Говоря, что люди у нас живут так, как хотят, я выражаюсь на языке бытовом. Переходя на язык чуть более строгий, я скажу, что в нашем обществе в целом установилась система (сколь она прочна, я не знаю) баланса интересов нескольких социальных групп. Эти интересы выражены во многих случаях полностью неформальным образом, через неписаный закон, произвол и право силы, но еще чаще — псевдоформально, посредством использования в собственных интересах писаных законов и демократических норм. И если под демократией понимать универсальное, а не выборочное соблюдение универсальных законов и демократических процедур, то у нас ее нет. Характерно, что значительная часть публики, возражая против этого тезиса в ходе наших опросов, на деле сложившуюся систему поддерживает. Много говорят о вреде отмены губернаторских выборов, и общество, как показывали наши опросы, считает, что эти выборы надо вернуть. Но рейтинг глав субъектов федерации, хоть и не так высок, как у первой пары, показывает внушительные значения и не демонстрирует никакой зависимости от замены выбранных руководителей назначенными. Другой пример: у нас остались не упраздненными выборы в местные законодательные собрания. Но участвует в этих выборах обычно четверть, от силы — треть жителей, при этом многие не знают кандидатов, за которых голосуют. Словом, интерес к этой демократической процедуре в народе невелик.

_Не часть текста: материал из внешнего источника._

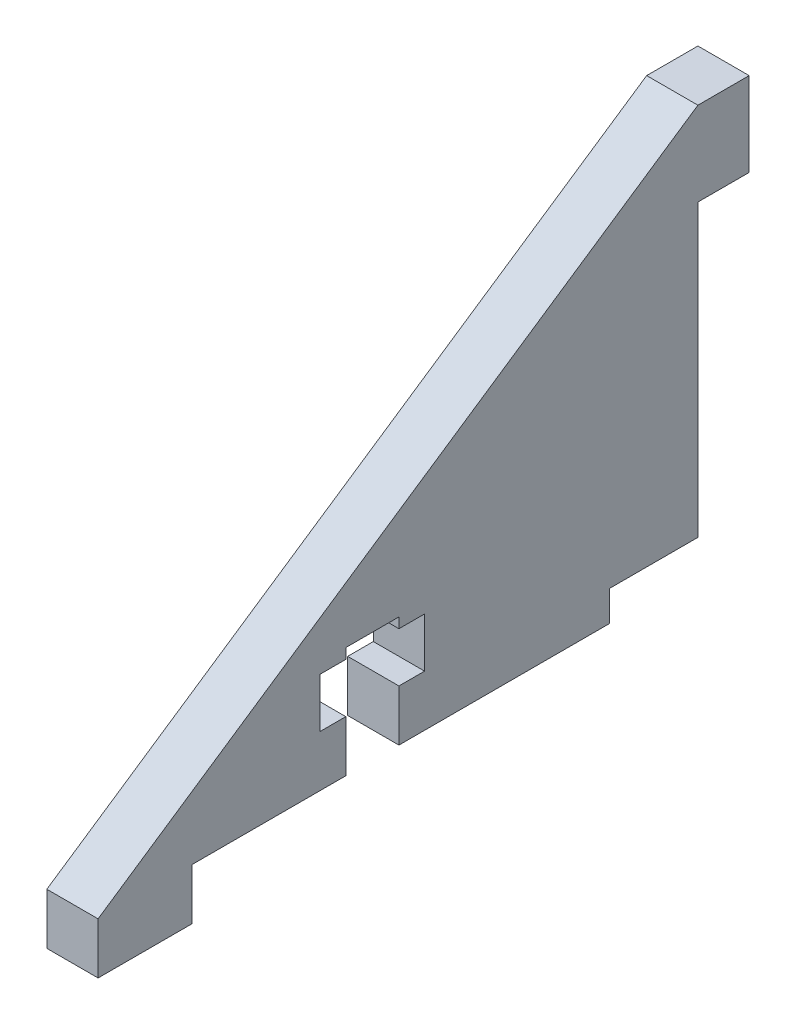
ISO-10303-21;
HEADER;
FILE_DESCRIPTION(('STEP AP214'),'2;1');
FILE_NAME('part.step','',(''),(''),'','','');
FILE_SCHEMA(('AUTOMOTIVE_DESIGN { 1 0 10303 214 1 1 1 1 }'));
ENDSEC;
DATA;
#1=APPLICATION_CONTEXT('core data for automotive mechanical design processes');
#2=APPLICATION_PROTOCOL_DEFINITION('international standard','automotive_design',2000,#1);
#3=PRODUCT_CONTEXT('',#1,'mechanical');
#4=PRODUCT('Part','Part','',(#3));
#5=PRODUCT_RELATED_PRODUCT_CATEGORY('part','',(#4));
#6=PRODUCT_DEFINITION_FORMATION('','',#4);
#7=PRODUCT_DEFINITION_CONTEXT('part definition',#1,'design');
#8=PRODUCT_DEFINITION('design','',#6,#7);
#9=PRODUCT_DEFINITION_SHAPE('','',#8);
#10=(LENGTH_UNIT() NAMED_UNIT(*) SI_UNIT(.MILLI.,.METRE.));
#11=(NAMED_UNIT(*) PLANE_ANGLE_UNIT() SI_UNIT($,.RADIAN.));
#12=(NAMED_UNIT(*) SI_UNIT($,.STERADIAN.) SOLID_ANGLE_UNIT());
#13=UNCERTAINTY_MEASURE_WITH_UNIT(LENGTH_MEASURE(1.E-05),#10,'distance_accuracy_value','');
#14=(GEOMETRIC_REPRESENTATION_CONTEXT(3) GLOBAL_UNCERTAINTY_ASSIGNED_CONTEXT((#13)) GLOBAL_UNIT_ASSIGNED_CONTEXT((#10,
#11,#12)) REPRESENTATION_CONTEXT('',''));
#15=CARTESIAN_POINT('',(0.,0.,0.));
#16=DIRECTION('',(0.,0.,1.));
#17=DIRECTION('',(1.,0.,0.));
#18=AXIS2_PLACEMENT_3D('',#15,#16,#17);
#19=CARTESIAN_POINT('',(3.,-3.,0.));
#20=DIRECTION('',(0.,0.,1.));
#21=DIRECTION('',(1.,0.,0.));
#22=AXIS2_PLACEMENT_3D('',#19,#20,#21);
#23=PLANE('',#22);
#24=DIRECTION('',(0.,1.,0.));
#25=VECTOR('',#24,1.);
#26=CARTESIAN_POINT('',(0.,-3.,0.));
#27=LINE('',#26,#25);
#28=CARTESIAN_POINT('',(0.,-3.,0.));
#29=VERTEX_POINT('',#28);
#30=CARTESIAN_POINT('',(0.,0.,0.));
#31=VERTEX_POINT('',#30);
#32=EDGE_CURVE('E225',#29,#31,#27,.T.);
#33=ORIENTED_EDGE('',*,*,#32,.T.);
#34=DIRECTION('',(-1.,0.,0.));
#35=VECTOR('',#34,1.);
#36=CARTESIAN_POINT('',(3.,0.,0.));
#37=LINE('',#36,#35);
#38=CARTESIAN_POINT('',(3.,0.,0.));
#39=VERTEX_POINT('',#38);
#40=EDGE_CURVE('E11',#39,#31,#37,.T.);
#41=ORIENTED_EDGE('',*,*,#40,.F.);
#42=DIRECTION('',(0.,1.,0.));
#43=VECTOR('',#42,1.);
#44=CARTESIAN_POINT('',(3.,-3.,0.));
#45=LINE('',#44,#43);
#46=CARTESIAN_POINT('',(3.,-3.,0.));
#47=VERTEX_POINT('',#46);
#48=EDGE_CURVE('E269',#47,#39,#45,.T.);
#49=ORIENTED_EDGE('',*,*,#48,.F.);
#50=DIRECTION('',(-1.,0.,0.));
#51=VECTOR('',#50,1.);
#52=CARTESIAN_POINT('',(3.,-3.,0.));
#53=LINE('',#52,#51);
#54=EDGE_CURVE('E221',#47,#29,#53,.T.);
#55=ORIENTED_EDGE('',*,*,#54,.T.);
#56=EDGE_LOOP('',(#33,#41,#49,#55));
#57=FACE_BOUND('',#56,.T.);
#58=ADVANCED_FACE('F39',(#57),#23,.F.);
#59=CARTESIAN_POINT('',(3.,0.,0.));
#60=DIRECTION('',(0.,1.,0.));
#61=DIRECTION('',(0.,0.,1.));
#62=AXIS2_PLACEMENT_3D('',#59,#60,#61);
#63=PLANE('',#62);
#64=DIRECTION('',(0.,0.,-1.));
#65=VECTOR('',#64,1.);
#66=CARTESIAN_POINT('',(0.,0.,0.));
#67=LINE('',#66,#65);
#68=CARTESIAN_POINT('',(0.,0.,-9.));
#69=VERTEX_POINT('',#68);
#70=EDGE_CURVE('E228',#31,#69,#67,.T.);
#71=ORIENTED_EDGE('',*,*,#70,.T.);
#72=DIRECTION('',(-1.,0.,0.));
#73=VECTOR('',#72,1.);
#74=CARTESIAN_POINT('',(3.,0.,-9.));
#75=LINE('',#74,#73);
#76=CARTESIAN_POINT('',(3.,0.,-9.));
#77=VERTEX_POINT('',#76);
#78=EDGE_CURVE('E47',#77,#69,#75,.T.);
#79=ORIENTED_EDGE('',*,*,#78,.F.);
#80=DIRECTION('',(0.,0.,-1.));
#81=VECTOR('',#80,1.);
#82=CARTESIAN_POINT('',(3.,0.,0.));
#83=LINE('',#82,#81);
#84=EDGE_CURVE('E143',#39,#77,#83,.T.);
#85=ORIENTED_EDGE('',*,*,#84,.F.);
#86=ORIENTED_EDGE('',*,*,#40,.T.);
#87=EDGE_LOOP('',(#71,#79,#85,#86));
#88=FACE_BOUND('',#87,.T.);
#89=ADVANCED_FACE('F402',(#88),#63,.F.);
#90=CARTESIAN_POINT('',(3.,0.,-9.));
#91=DIRECTION('',(0.,0.,1.));
#92=DIRECTION('',(0.,-1.,0.));
#93=AXIS2_PLACEMENT_3D('',#90,#91,#92);
#94=PLANE('',#93);
#95=DIRECTION('',(0.,1.,0.));
#96=VECTOR('',#95,1.);
#97=CARTESIAN_POINT('',(0.,0.,-9.));
#98=LINE('',#97,#96);
#99=CARTESIAN_POINT('',(0.,3.,-9.));
#100=VERTEX_POINT('',#99);
#101=EDGE_CURVE('E230',#69,#100,#98,.T.);
#102=ORIENTED_EDGE('',*,*,#101,.T.);
#103=DIRECTION('',(-1.,0.,0.));
#104=VECTOR('',#103,1.);
#105=CARTESIAN_POINT('',(3.,3.,-9.));
#106=LINE('',#105,#104);
#107=CARTESIAN_POINT('',(3.,3.,-9.));
#108=VERTEX_POINT('',#107);
#109=EDGE_CURVE('E321',#108,#100,#106,.T.);
#110=ORIENTED_EDGE('',*,*,#109,.F.);
#111=DIRECTION('',(0.,1.,0.));
#112=VECTOR('',#111,1.);
#113=CARTESIAN_POINT('',(3.,0.,-9.));
#114=LINE('',#113,#112);
#115=EDGE_CURVE('E329',#77,#108,#114,.T.);
#116=ORIENTED_EDGE('',*,*,#115,.F.);
#117=ORIENTED_EDGE('',*,*,#78,.T.);
#118=EDGE_LOOP('',(#102,#110,#116,#117));
#119=FACE_BOUND('',#118,.T.);
#120=ADVANCED_FACE('F327',(#119),#94,.F.);
#121=CARTESIAN_POINT('',(3.,3.,-9.));
#122=DIRECTION('',(0.,-1.,0.));
#123=DIRECTION('',(0.,0.,-1.));
#124=AXIS2_PLACEMENT_3D('',#121,#122,#123);
#125=PLANE('',#124);
#126=DIRECTION('',(0.,0.,1.));
#127=VECTOR('',#126,1.);
#128=CARTESIAN_POINT('',(0.,3.,-9.));
#129=LINE('',#128,#127);
#130=CARTESIAN_POINT('',(0.,3.,-7.5));
#131=VERTEX_POINT('',#130);
#132=EDGE_CURVE('E232',#100,#131,#129,.T.);
#133=ORIENTED_EDGE('',*,*,#132,.T.);
#134=DIRECTION('',(-1.,0.,0.));
#135=VECTOR('',#134,1.);
#136=CARTESIAN_POINT('',(3.,3.,-7.5));
#137=LINE('',#136,#135);
#138=CARTESIAN_POINT('',(3.,3.,-7.5));
#139=VERTEX_POINT('',#138);
#140=EDGE_CURVE('E318',#139,#131,#137,.T.);
#141=ORIENTED_EDGE('',*,*,#140,.F.);
#142=DIRECTION('',(0.,0.,1.));
#143=VECTOR('',#142,1.);
#144=CARTESIAN_POINT('',(3.,3.,-9.));
#145=LINE('',#144,#143);
#146=EDGE_CURVE('E347',#108,#139,#145,.T.);
#147=ORIENTED_EDGE('',*,*,#146,.F.);
#148=ORIENTED_EDGE('',*,*,#109,.T.);
#149=EDGE_LOOP('',(#133,#141,#147,#148));
#150=FACE_BOUND('',#149,.T.);
#151=ADVANCED_FACE('F338',(#150),#125,.F.);
#152=CARTESIAN_POINT('',(3.,3.,-7.5));
#153=DIRECTION('',(0.,0.,1.));
#154=DIRECTION('',(1.,0.,0.));
#155=AXIS2_PLACEMENT_3D('',#152,#153,#154);
#156=PLANE('',#155);
#157=DIRECTION('',(0.,1.,0.));
#158=VECTOR('',#157,1.);
#159=CARTESIAN_POINT('',(0.,3.,-7.5));
#160=LINE('',#159,#158);
#161=CARTESIAN_POINT('',(0.,5.9,-7.5));
#162=VERTEX_POINT('',#161);
#163=EDGE_CURVE('E234',#131,#162,#160,.T.);
#164=ORIENTED_EDGE('',*,*,#163,.T.);
#165=DIRECTION('',(-1.,0.,0.));
#166=VECTOR('',#165,1.);
#167=CARTESIAN_POINT('',(3.,5.9,-7.5));
#168=LINE('',#167,#166);
#169=CARTESIAN_POINT('',(3.,5.9,-7.5));
#170=VERTEX_POINT('',#169);
#171=EDGE_CURVE('E315',#170,#162,#168,.T.);
#172=ORIENTED_EDGE('',*,*,#171,.F.);
#173=DIRECTION('',(0.,1.,0.));
#174=VECTOR('',#173,1.);
#175=CARTESIAN_POINT('',(3.,3.,-7.5));
#176=LINE('',#175,#174);
#177=EDGE_CURVE('E344',#139,#170,#176,.T.);
#178=ORIENTED_EDGE('',*,*,#177,.F.);
#179=ORIENTED_EDGE('',*,*,#140,.T.);
#180=EDGE_LOOP('',(#164,#172,#178,#179));
#181=FACE_BOUND('',#180,.T.);
#182=ADVANCED_FACE('F342',(#181),#156,.F.);
#183=CARTESIAN_POINT('',(3.,5.9,-7.5));
#184=DIRECTION('',(0.,1.,0.));
#185=DIRECTION('',(0.,0.,1.));
#186=AXIS2_PLACEMENT_3D('',#183,#184,#185);
#187=PLANE('',#186);
#188=DIRECTION('',(0.,0.,-1.));
#189=VECTOR('',#188,1.);
#190=CARTESIAN_POINT('',(0.,5.9,-7.5));
#191=LINE('',#190,#189);
#192=CARTESIAN_POINT('',(0.,5.9,-9.));
#193=VERTEX_POINT('',#192);
#194=EDGE_CURVE('E236',#162,#193,#191,.T.);
#195=ORIENTED_EDGE('',*,*,#194,.T.);
#196=DIRECTION('',(-1.,0.,0.));
#197=VECTOR('',#196,1.);
#198=CARTESIAN_POINT('',(3.,5.9,-9.));
#199=LINE('',#198,#197);
#200=CARTESIAN_POINT('',(3.,5.9,-9.));
#201=VERTEX_POINT('',#200);
#202=EDGE_CURVE('E312',#201,#193,#199,.T.);
#203=ORIENTED_EDGE('',*,*,#202,.F.);
#204=DIRECTION('',(0.,0.,-1.));
#205=VECTOR('',#204,1.);
#206=CARTESIAN_POINT('',(3.,5.9,-7.5));
#207=LINE('',#206,#205);
#208=EDGE_CURVE('E346',#170,#201,#207,.T.);
#209=ORIENTED_EDGE('',*,*,#208,.F.);
#210=ORIENTED_EDGE('',*,*,#171,.T.);
#211=EDGE_LOOP('',(#195,#203,#209,#210));
#212=FACE_BOUND('',#211,.T.);
#213=ADVANCED_FACE('F415',(#212),#187,.F.);
#214=CARTESIAN_POINT('',(3.,5.9,-9.));
#215=DIRECTION('',(0.,0.,1.));
#216=DIRECTION('',(1.,0.,0.));
#217=AXIS2_PLACEMENT_3D('',#214,#215,#216);
#218=PLANE('',#217);
#219=DIRECTION('',(0.,1.,0.));
#220=VECTOR('',#219,1.);
#221=CARTESIAN_POINT('',(0.,5.9,-9.));
#222=LINE('',#221,#220);
#223=CARTESIAN_POINT('',(0.,6.5,-9.));
#224=VERTEX_POINT('',#223);
#225=EDGE_CURVE('E238',#193,#224,#222,.T.);
#226=ORIENTED_EDGE('',*,*,#225,.T.);
#227=DIRECTION('',(-1.,0.,0.));
#228=VECTOR('',#227,1.);
#229=CARTESIAN_POINT('',(3.,6.5,-9.));
#230=LINE('',#229,#228);
#231=CARTESIAN_POINT('',(3.,6.5,-9.));
#232=VERTEX_POINT('',#231);
#233=EDGE_CURVE('E309',#232,#224,#230,.T.);
#234=ORIENTED_EDGE('',*,*,#233,.F.);
#235=DIRECTION('',(0.,1.,0.));
#236=VECTOR('',#235,1.);
#237=CARTESIAN_POINT('',(3.,5.9,-9.));
#238=LINE('',#237,#236);
#239=EDGE_CURVE('E349',#201,#232,#238,.T.);
#240=ORIENTED_EDGE('',*,*,#239,.F.);
#241=ORIENTED_EDGE('',*,*,#202,.T.);
#242=EDGE_LOOP('',(#226,#234,#240,#241));
#243=FACE_BOUND('',#242,.T.);
#244=ADVANCED_FACE('F418',(#243),#218,.F.);
#245=CARTESIAN_POINT('',(3.,6.5,-12.11));
#246=DIRECTION('',(0.,1.,0.));
#247=DIRECTION('',(0.,0.,1.));
#248=AXIS2_PLACEMENT_3D('',#245,#246,#247);
#249=PLANE('',#248);
#250=DIRECTION('',(0.,0.,-1.));
#251=VECTOR('',#250,1.);
#252=CARTESIAN_POINT('',(0.,6.5,-12.11));
#253=LINE('',#252,#251);
#254=CARTESIAN_POINT('',(0.,6.5,-12.11));
#255=VERTEX_POINT('',#254);
#256=EDGE_CURVE('E240',#224,#255,#253,.T.);
#257=ORIENTED_EDGE('',*,*,#256,.T.);
#258=DIRECTION('',(-1.,0.,0.));
#259=VECTOR('',#258,1.);
#260=CARTESIAN_POINT('',(3.,6.5,-12.11));
#261=LINE('',#260,#259);
#262=CARTESIAN_POINT('',(3.,6.5,-12.11));
#263=VERTEX_POINT('',#262);
#264=EDGE_CURVE('E306',#263,#255,#261,.T.);
#265=ORIENTED_EDGE('',*,*,#264,.F.);
#266=DIRECTION('',(0.,0.,-1.));
#267=VECTOR('',#266,1.);
#268=CARTESIAN_POINT('',(3.,6.5,-12.11));
#269=LINE('',#268,#267);
#270=EDGE_CURVE('E355',#232,#263,#269,.T.);
#271=ORIENTED_EDGE('',*,*,#270,.F.);
#272=ORIENTED_EDGE('',*,*,#233,.T.);
#273=EDGE_LOOP('',(#257,#265,#271,#272));
#274=FACE_BOUND('',#273,.T.);
#275=ADVANCED_FACE('F422',(#274),#249,.F.);
#276=CARTESIAN_POINT('',(3.,5.9,-12.11));
#277=DIRECTION('',(0.,0.,-1.));
#278=DIRECTION('',(-1.,0.,0.));
#279=AXIS2_PLACEMENT_3D('',#276,#277,#278);
#280=PLANE('',#279);
#281=DIRECTION('',(0.,-1.,0.));
#282=VECTOR('',#281,1.);
#283=CARTESIAN_POINT('',(0.,5.9,-12.11));
#284=LINE('',#283,#282);
#285=CARTESIAN_POINT('',(0.,5.9,-12.11));
#286=VERTEX_POINT('',#285);
#287=EDGE_CURVE('E242',#255,#286,#284,.T.);
#288=ORIENTED_EDGE('',*,*,#287,.T.);
#289=DIRECTION('',(-1.,0.,0.));
#290=VECTOR('',#289,1.);
#291=CARTESIAN_POINT('',(3.,5.9,-12.11));
#292=LINE('',#291,#290);
#293=CARTESIAN_POINT('',(3.,5.9,-12.11));
#294=VERTEX_POINT('',#293);
#295=EDGE_CURVE('E303',#294,#286,#292,.T.);
#296=ORIENTED_EDGE('',*,*,#295,.F.);
#297=DIRECTION('',(0.,-1.,0.));
#298=VECTOR('',#297,1.);
#299=CARTESIAN_POINT('',(3.,5.9,-12.11));
#300=LINE('',#299,#298);
#301=EDGE_CURVE('E357',#263,#294,#300,.T.);
#302=ORIENTED_EDGE('',*,*,#301,.F.);
#303=ORIENTED_EDGE('',*,*,#264,.T.);
#304=EDGE_LOOP('',(#288,#296,#302,#303));
#305=FACE_BOUND('',#304,.T.);
#306=ADVANCED_FACE('F426',(#305),#280,.F.);
#307=CARTESIAN_POINT('',(3.,5.9,-13.61));
#308=DIRECTION('',(0.,1.,0.));
#309=DIRECTION('',(0.,0.,1.));
#310=AXIS2_PLACEMENT_3D('',#307,#308,#309);
#311=PLANE('',#310);
#312=DIRECTION('',(0.,0.,-1.));
#313=VECTOR('',#312,1.);
#314=CARTESIAN_POINT('',(0.,5.9,-13.61));
#315=LINE('',#314,#313);
#316=CARTESIAN_POINT('',(0.,5.9,-13.61));
#317=VERTEX_POINT('',#316);
#318=EDGE_CURVE('E244',#286,#317,#315,.T.);
#319=ORIENTED_EDGE('',*,*,#318,.T.);
#320=DIRECTION('',(-1.,0.,0.));
#321=VECTOR('',#320,1.);
#322=CARTESIAN_POINT('',(3.,5.9,-13.61));
#323=LINE('',#322,#321);
#324=CARTESIAN_POINT('',(3.,5.9,-13.61));
#325=VERTEX_POINT('',#324);
#326=EDGE_CURVE('E300',#325,#317,#323,.T.);
#327=ORIENTED_EDGE('',*,*,#326,.F.);
#328=DIRECTION('',(0.,0.,-1.));
#329=VECTOR('',#328,1.);
#330=CARTESIAN_POINT('',(3.,5.9,-13.61));
#331=LINE('',#330,#329);
#332=EDGE_CURVE('E359',#294,#325,#331,.T.);
#333=ORIENTED_EDGE('',*,*,#332,.F.);
#334=ORIENTED_EDGE('',*,*,#295,.T.);
#335=EDGE_LOOP('',(#319,#327,#333,#334));
#336=FACE_BOUND('',#335,.T.);
#337=ADVANCED_FACE('F430',(#336),#311,.F.);
#338=CARTESIAN_POINT('',(3.,3.,-13.61));
#339=DIRECTION('',(0.,0.,-1.));
#340=DIRECTION('',(-1.,0.,0.));
#341=AXIS2_PLACEMENT_3D('',#338,#339,#340);
#342=PLANE('',#341);
#343=DIRECTION('',(0.,-1.,0.));
#344=VECTOR('',#343,1.);
#345=CARTESIAN_POINT('',(0.,3.,-13.61));
#346=LINE('',#345,#344);
#347=CARTESIAN_POINT('',(0.,3.,-13.61));
#348=VERTEX_POINT('',#347);
#349=EDGE_CURVE('E246',#317,#348,#346,.T.);
#350=ORIENTED_EDGE('',*,*,#349,.T.);
#351=DIRECTION('',(-1.,0.,0.));
#352=VECTOR('',#351,1.);
#353=CARTESIAN_POINT('',(3.,3.,-13.61));
#354=LINE('',#353,#352);
#355=CARTESIAN_POINT('',(3.,3.,-13.61));
#356=VERTEX_POINT('',#355);
#357=EDGE_CURVE('E297',#356,#348,#354,.T.);
#358=ORIENTED_EDGE('',*,*,#357,.F.);
#359=DIRECTION('',(0.,-1.,0.));
#360=VECTOR('',#359,1.);
#361=CARTESIAN_POINT('',(3.,3.,-13.61));
#362=LINE('',#361,#360);
#363=EDGE_CURVE('E361',#325,#356,#362,.T.);
#364=ORIENTED_EDGE('',*,*,#363,.F.);
#365=ORIENTED_EDGE('',*,*,#326,.T.);
#366=EDGE_LOOP('',(#350,#358,#364,#365));
#367=FACE_BOUND('',#366,.T.);
#368=ADVANCED_FACE('F434',(#367),#342,.F.);
#369=CARTESIAN_POINT('',(3.,3.,-12.11));
#370=DIRECTION('',(0.,-1.,0.));
#371=DIRECTION('',(0.,0.,-1.));
#372=AXIS2_PLACEMENT_3D('',#369,#370,#371);
#373=PLANE('',#372);
#374=DIRECTION('',(0.,0.,1.));
#375=VECTOR('',#374,1.);
#376=CARTESIAN_POINT('',(0.,3.,-12.11));
#377=LINE('',#376,#375);
#378=CARTESIAN_POINT('',(0.,3.,-12.11));
#379=VERTEX_POINT('',#378);
#380=EDGE_CURVE('E248',#348,#379,#377,.T.);
#381=ORIENTED_EDGE('',*,*,#380,.T.);
#382=DIRECTION('',(-1.,0.,0.));
#383=VECTOR('',#382,1.);
#384=CARTESIAN_POINT('',(3.,3.,-12.11));
#385=LINE('',#384,#383);
#386=CARTESIAN_POINT('',(3.,3.,-12.11));
#387=VERTEX_POINT('',#386);
#388=EDGE_CURVE('E294',#387,#379,#385,.T.);
#389=ORIENTED_EDGE('',*,*,#388,.F.);
#390=DIRECTION('',(0.,0.,1.));
#391=VECTOR('',#390,1.);
#392=CARTESIAN_POINT('',(3.,3.,-12.11));
#393=LINE('',#392,#391);
#394=EDGE_CURVE('E363',#356,#387,#393,.T.);
#395=ORIENTED_EDGE('',*,*,#394,.F.);
#396=ORIENTED_EDGE('',*,*,#357,.T.);
#397=EDGE_LOOP('',(#381,#389,#395,#396));
#398=FACE_BOUND('',#397,.T.);
#399=ADVANCED_FACE('F438',(#398),#373,.F.);
#400=CARTESIAN_POINT('',(3.,0.,-12.11));
#401=DIRECTION('',(0.,0.,-1.));
#402=DIRECTION('',(-1.,0.,0.));
#403=AXIS2_PLACEMENT_3D('',#400,#401,#402);
#404=PLANE('',#403);
#405=DIRECTION('',(0.,-1.,0.));
#406=VECTOR('',#405,1.);
#407=CARTESIAN_POINT('',(0.,0.,-12.11));
#408=LINE('',#407,#406);
#409=CARTESIAN_POINT('',(0.,0.,-12.11));
#410=VERTEX_POINT('',#409);
#411=EDGE_CURVE('E250',#379,#410,#408,.T.);
#412=ORIENTED_EDGE('',*,*,#411,.T.);
#413=DIRECTION('',(-1.,0.,0.));
#414=VECTOR('',#413,1.);
#415=CARTESIAN_POINT('',(3.,0.,-12.11));
#416=LINE('',#415,#414);
#417=CARTESIAN_POINT('',(3.,0.,-12.11));
#418=VERTEX_POINT('',#417);
#419=EDGE_CURVE('E291',#418,#410,#416,.T.);
#420=ORIENTED_EDGE('',*,*,#419,.F.);
#421=DIRECTION('',(0.,-1.,0.));
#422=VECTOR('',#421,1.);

Обратим теперь внимание на то, что эти слабые формы демократии, вроде местных выборов, представляют интерес — весьма сильный и живой — для тех, кого мы обычно не включаем в понятие “народ”: для местных маленьких олигархов, криминала и хозяев местного бизнеса. Они покупают и перекупают места в местных парламентах (или тех, кто эти места занимает), дело нередко сопровождается насилием. Говорят, что и места в Госдуме, авторитет которой в народе, увы, совсем не высок, понимающими людьми весьма ценятся. Им, оказывается, Дума со всеми ее несовершенствами и малой популярностью среди избирателей нужна и очень. Можно посчитать, что некие люди используют парламентскую систему для обстряпывания своих делишек. Но то же самое можно назвать иначе: определенные группы используют парламенты для согласования своих интересов. А парламенты и созданы как раз для этого. Не берусь судить, можно ли называть такую систему демократией, но ясно вижу, что по всей стране демократические институты с их формалистикой востребованы группами, которые прекрасно осознают свои интересы и упорно их отстаивают.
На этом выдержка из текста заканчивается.